Assignment
Give the count of lines in the records that contain the string "TreatAsAtomicUnit", and write nothing but that number.

Stored data
---------------
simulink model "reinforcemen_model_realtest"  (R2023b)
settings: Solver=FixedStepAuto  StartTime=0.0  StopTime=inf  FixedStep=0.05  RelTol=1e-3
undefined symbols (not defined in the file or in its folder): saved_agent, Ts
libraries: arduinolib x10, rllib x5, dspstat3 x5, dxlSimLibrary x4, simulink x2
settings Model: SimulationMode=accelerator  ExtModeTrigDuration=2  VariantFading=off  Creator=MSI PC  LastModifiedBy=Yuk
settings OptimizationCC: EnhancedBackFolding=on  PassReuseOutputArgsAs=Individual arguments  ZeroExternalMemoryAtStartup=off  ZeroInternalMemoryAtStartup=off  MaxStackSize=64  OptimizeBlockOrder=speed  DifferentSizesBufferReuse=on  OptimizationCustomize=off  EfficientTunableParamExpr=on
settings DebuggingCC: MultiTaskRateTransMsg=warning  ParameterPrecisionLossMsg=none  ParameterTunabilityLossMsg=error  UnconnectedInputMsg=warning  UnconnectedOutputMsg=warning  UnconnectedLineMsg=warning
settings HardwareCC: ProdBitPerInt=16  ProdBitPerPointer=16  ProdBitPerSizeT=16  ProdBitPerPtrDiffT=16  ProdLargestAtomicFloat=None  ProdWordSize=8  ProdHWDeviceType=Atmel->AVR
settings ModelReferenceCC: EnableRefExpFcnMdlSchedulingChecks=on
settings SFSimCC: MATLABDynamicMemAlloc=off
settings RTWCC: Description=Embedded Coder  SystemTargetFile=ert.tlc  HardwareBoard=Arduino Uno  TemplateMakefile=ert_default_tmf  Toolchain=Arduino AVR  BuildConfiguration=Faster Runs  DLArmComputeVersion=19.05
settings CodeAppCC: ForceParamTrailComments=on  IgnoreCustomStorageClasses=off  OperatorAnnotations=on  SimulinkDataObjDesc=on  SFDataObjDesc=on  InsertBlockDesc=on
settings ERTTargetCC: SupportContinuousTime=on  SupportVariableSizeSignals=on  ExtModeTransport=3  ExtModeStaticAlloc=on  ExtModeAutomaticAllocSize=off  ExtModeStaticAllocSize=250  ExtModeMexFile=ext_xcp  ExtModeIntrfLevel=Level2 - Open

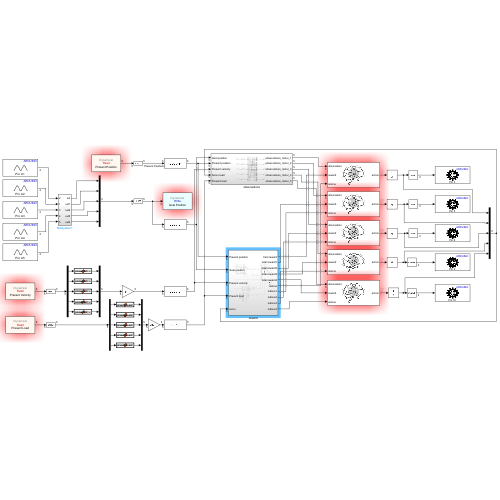
[thumbnail: Simulink's stored preview of the top-level diagram]
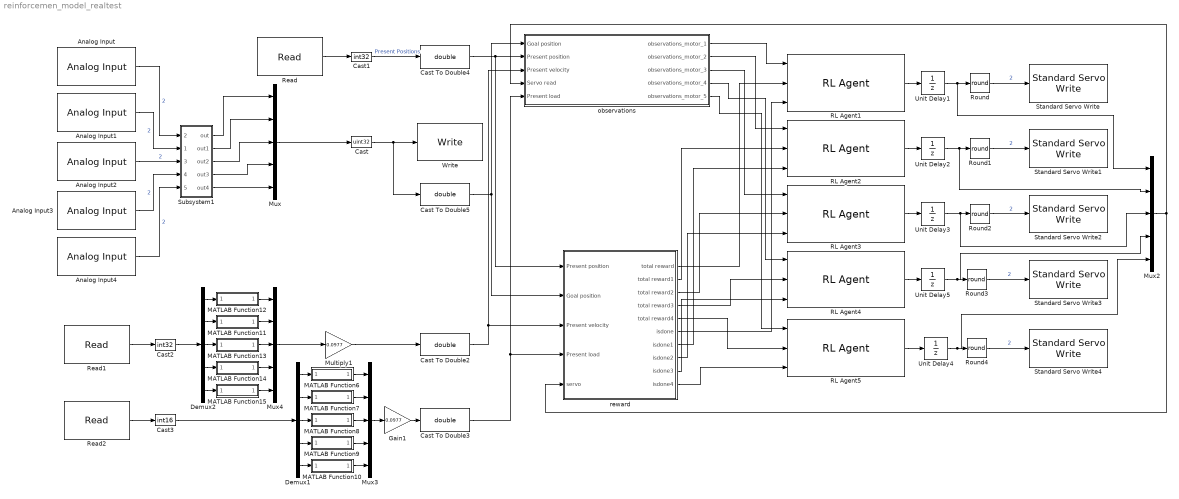
== system reinforcemen_model_realtest ==
  Analog Input : arduinolib/Analog Input  pinNumber=1  ReadResultsOnly=off  ConversionTriggerSource=Software  ExternalTriggerType=uint32( 0 )  OutputDataType=uint16  EnableConversionCompleteNotify=off  EnableOuputStatus=off  SampleTime=0.05  blockPlatform=arduino
  Analog Input1 : arduinolib/Analog Input  pinNumber=2  ReadResultsOnly=off  ConversionTriggerSource=Software  ExternalTriggerType=uint32( 0 )  OutputDataType=uint16  EnableConversionCompleteNotify=off  EnableOuputStatus=off  SampleTime=0.05  blockPlatform=arduino
  Analog Input2 : arduinolib/Analog Input  pinNumber=3  ReadResultsOnly=off  ConversionTriggerSource=Software  ExternalTriggerType=uint32( 0 )  OutputDataType=uint16  EnableConversionCompleteNotify=off  EnableOuputStatus=off  SampleTime=0.05  blockPlatform=arduino
  Analog Input3 : arduinolib/Analog Input  pinNumber=4  ReadResultsOnly=off  ConversionTriggerSource=Software  ExternalTriggerType=uint32( 0 )  OutputDataType=uint16  EnableConversionCompleteNotify=off  EnableOuputStatus=off  SampleTime=0.05  blockPlatform=arduino
  Analog Input4 : arduinolib/Analog Input  pinNumber=5  ReadResultsOnly=off  ConversionTriggerSource=Software  ExternalTriggerType=uint32( 0 )  OutputDataType=uint16  EnableConversionCompleteNotify=off  EnableOuputStatus=off  SampleTime=0.05  blockPlatform=arduino
  Cast : DataTypeConversion  OutMin=0  OutMax=2097150  OutDataTypeStr=uint32  SaturateOnIntegerOverflow=off  RndMeth=Floor
  Cast To Double{2..5} (4 alike) : DataTypeConversion  OutDataTypeStr=double  SaturateOnIntegerOverflow=off  RndMeth=Floor
  Cast1 : DataTypeConversion  OutDataTypeStr=int32  SaturateOnIntegerOverflow=off  RndMeth=Floor
  Cast2 : DataTypeConversion  OutDataTypeStr=int32  SaturateOnIntegerOverflow=off  RndMeth=Floor
  Cast3 : DataTypeConversion  OutDataTypeStr=int16  SaturateOnIntegerOverflow=off  RndMeth=Floor
  Demux1 : Demux  Outputs=5
  Demux2 : Demux  Outputs=5
  Gain1 : Gain  Gain=0.0977
  MATLAB Function10 : MATLAB Function  TreatAsAtomicUnit=on
  MATLAB Function11 : MATLAB Function  TreatAsAtomicUnit=on
  MATLAB Function12 : MATLAB Function  TreatAsAtomicUnit=on
  MATLAB Function13 : MATLAB Function  TreatAsAtomicUnit=on
  MATLAB Function14 : MATLAB Function  TreatAsAtomicUnit=on
  MATLAB Function15 : MATLAB Function  TreatAsAtomicUnit=on
  MATLAB Function6 : MATLAB Function  TreatAsAtomicUnit=on
  MATLAB Function7 : MATLAB Function  TreatAsAtomicUnit=on
  MATLAB Function8 : MATLAB Function  TreatAsAtomicUnit=on
  MATLAB Function9 : MATLAB Function  TreatAsAtomicUnit=on
  Multiply1 : Gain  Gain=0.0977  OutDataTypeStr=double
  Mux{,2..4} (4 alike) : Mux  Inputs=5
  RL Agent1 : rllib/RL Agent  Agent=saved_agent(1,1)  ExternalActionAsInput=off  ProvideLastAction=off  ProvideCumRwd=off  TreatAsDirectFeedthrough=on  UseStrictObservationDataTypes=off
  RL Agent2 : rllib/RL Agent  Agent=saved_agent(1,2)  ExternalActionAsInput=off  ProvideLastAction=off  ProvideCumRwd=off  TreatAsDirectFeedthrough=on  UseStrictObservationDataTypes=off
  RL Agent3 : rllib/RL Agent  Agent=saved_agent(1,3)  ExternalActionAsInput=off  ProvideLastAction=off  ProvideCumRwd=off  TreatAsDirectFeedthrough=on  UseStrictObservationDataTypes=off
  RL Agent4 : rllib/RL Agent  Agent=saved_agent(1,4)  ExternalActionAsInput=off  ProvideLastAction=off  ProvideCumRwd=off  TreatAsDirectFeedthrough=on  UseStrictObservationDataTypes=off
  RL Agent5 : rllib/RL Agent  Agent=saved_agent(1,5)  ExternalActionAsInput=off  ProvideLastAction=off  ProvideCumRwd=off  TreatAsDirectFeedthrough=on  UseStrictObservationDataTypes=off
  Read : dxlSimLibrary/Read  lib_name=lib_name  port_num=port_num  protocol_version=protocol_version  ids=motor_IDs  models=motor_models  select=Present Position  Ts=Ts
  Read1 : dxlSimLibrary/Read  lib_name=lib_name  port_num=port_num  protocol_version=protocol_version  ids=motor_IDs  models=motor_models  select=Present Velocity  Ts=Ts
  Read2 : dxlSimLibrary/Read  lib_name=lib_name  port_num=port_num  protocol_version=protocol_version  ids=motor_IDs  models=motor_models  select=Present Load  Ts=Ts
  Round{,1..4} (5 alike) : Rounding  Operator=round
  Standard Servo Write : arduinolib/Standard Servo Write  pinNumber=3  ServoIndex=0  blockPlatform=ARDUINO
  Standard Servo Write1 : arduinolib/Standard Servo Write  pinNumber=5  ServoIndex=1  blockPlatform=ARDUINO
  Standard Servo Write2 : arduinolib/Standard Servo Write  pinNumber=6  ServoIndex=2  blockPlatform=ARDUINO
  Standard Servo Write3 : arduinolib/Standard Servo Write  pinNumber=9  ServoIndex=3  blockPlatform=ARDUINO
  Standard Servo Write4 : arduinolib/Standard Servo Write  pinNumber=10  ServoIndex=4  blockPlatform=ARDUINO
  Subsystem1 : Subsystem
  Unit Delay1 : UnitDelay  SampleTime=-1  HasFrameUpgradeWarning=on
  Unit Delay{2..5} (4 alike) : UnitDelay  InitialCondition=180  SampleTime=-1  HasFrameUpgradeWarning=on
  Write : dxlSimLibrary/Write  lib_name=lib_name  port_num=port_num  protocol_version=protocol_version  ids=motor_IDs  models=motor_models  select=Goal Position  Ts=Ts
---------------
Your response
10